### [INSTRUCTIONS TO FOLLOW]
Using the material below, return exactly the lines between the one holding "add(body_4.part)" and the one holding "Line((-110, -10), (-110, 0))", inclusive, and no others.

### [GIVEN INFORMATION]

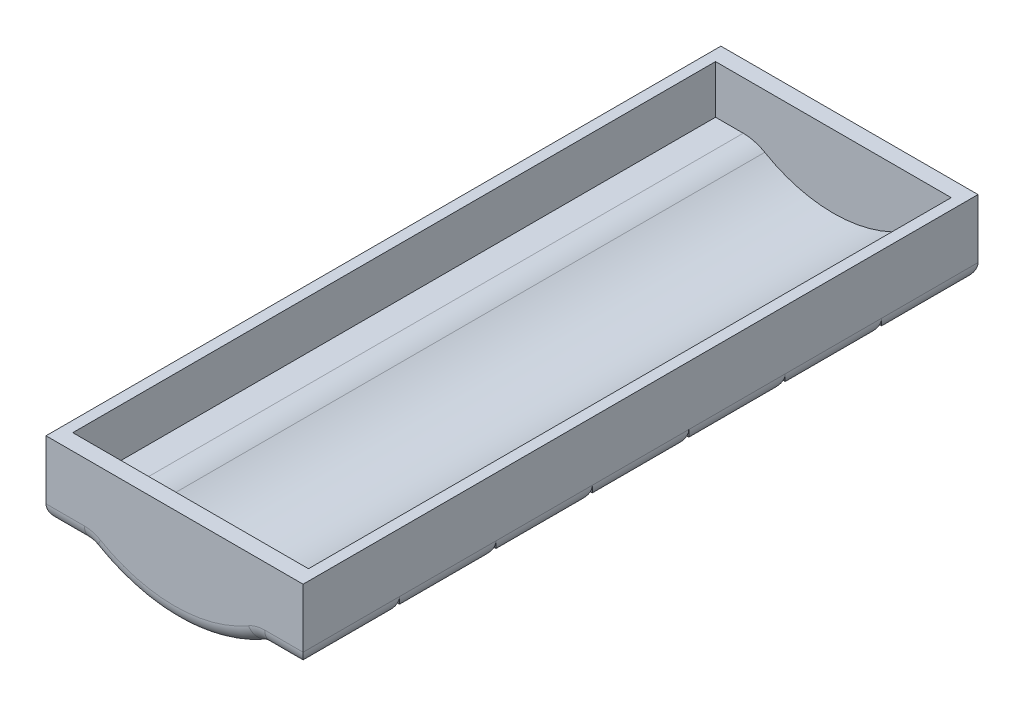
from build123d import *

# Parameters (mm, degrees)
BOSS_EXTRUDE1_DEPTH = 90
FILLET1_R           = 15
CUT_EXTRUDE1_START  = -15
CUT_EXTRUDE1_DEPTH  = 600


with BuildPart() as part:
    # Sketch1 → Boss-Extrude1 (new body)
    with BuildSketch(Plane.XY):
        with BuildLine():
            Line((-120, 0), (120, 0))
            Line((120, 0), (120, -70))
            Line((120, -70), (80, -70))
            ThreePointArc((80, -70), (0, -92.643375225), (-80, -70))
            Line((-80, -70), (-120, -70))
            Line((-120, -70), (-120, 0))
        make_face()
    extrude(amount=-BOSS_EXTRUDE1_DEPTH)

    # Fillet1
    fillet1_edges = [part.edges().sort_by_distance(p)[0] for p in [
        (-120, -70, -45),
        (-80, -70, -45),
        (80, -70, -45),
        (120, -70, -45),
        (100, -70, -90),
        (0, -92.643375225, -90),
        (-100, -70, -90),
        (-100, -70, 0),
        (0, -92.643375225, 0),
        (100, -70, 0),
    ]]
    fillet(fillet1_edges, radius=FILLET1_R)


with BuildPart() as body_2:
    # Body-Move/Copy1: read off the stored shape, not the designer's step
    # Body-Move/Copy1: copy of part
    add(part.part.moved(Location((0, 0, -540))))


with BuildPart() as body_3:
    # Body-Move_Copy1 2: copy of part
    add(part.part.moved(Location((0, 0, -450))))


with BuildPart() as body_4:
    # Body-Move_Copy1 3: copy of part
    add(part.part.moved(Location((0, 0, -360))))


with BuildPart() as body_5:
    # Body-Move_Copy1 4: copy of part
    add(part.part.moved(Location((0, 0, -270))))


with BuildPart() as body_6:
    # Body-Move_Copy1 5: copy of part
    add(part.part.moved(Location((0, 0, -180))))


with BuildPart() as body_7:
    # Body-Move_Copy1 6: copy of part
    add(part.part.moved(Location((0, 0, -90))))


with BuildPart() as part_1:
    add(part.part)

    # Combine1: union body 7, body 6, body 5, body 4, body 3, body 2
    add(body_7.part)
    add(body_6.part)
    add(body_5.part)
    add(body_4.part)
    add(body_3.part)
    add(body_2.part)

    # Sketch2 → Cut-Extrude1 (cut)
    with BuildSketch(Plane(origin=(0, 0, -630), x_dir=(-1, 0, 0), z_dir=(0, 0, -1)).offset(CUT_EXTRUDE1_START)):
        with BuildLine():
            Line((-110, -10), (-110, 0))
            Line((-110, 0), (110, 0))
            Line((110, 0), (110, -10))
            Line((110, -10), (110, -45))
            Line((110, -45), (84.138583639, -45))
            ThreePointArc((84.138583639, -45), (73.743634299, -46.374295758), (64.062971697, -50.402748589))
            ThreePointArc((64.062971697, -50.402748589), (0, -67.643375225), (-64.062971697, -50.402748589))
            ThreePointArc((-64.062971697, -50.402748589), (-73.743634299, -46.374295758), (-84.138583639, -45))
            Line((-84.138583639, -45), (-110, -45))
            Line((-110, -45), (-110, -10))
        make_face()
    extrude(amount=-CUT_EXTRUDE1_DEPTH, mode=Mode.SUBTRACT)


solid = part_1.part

### [WRITTEN ANSWER]
    add(body_4.part)
    add(body_3.part)
    add(body_2.part)

    # Sketch2 → Cut-Extrude1 (cut)
    with BuildSketch(Plane(origin=(0, 0, -630), x_dir=(-1, 0, 0), z_dir=(0, 0, -1)).offset(CUT_EXTRUDE1_START)):
        with BuildLine():
            Line((-110, -10), (-110, 0))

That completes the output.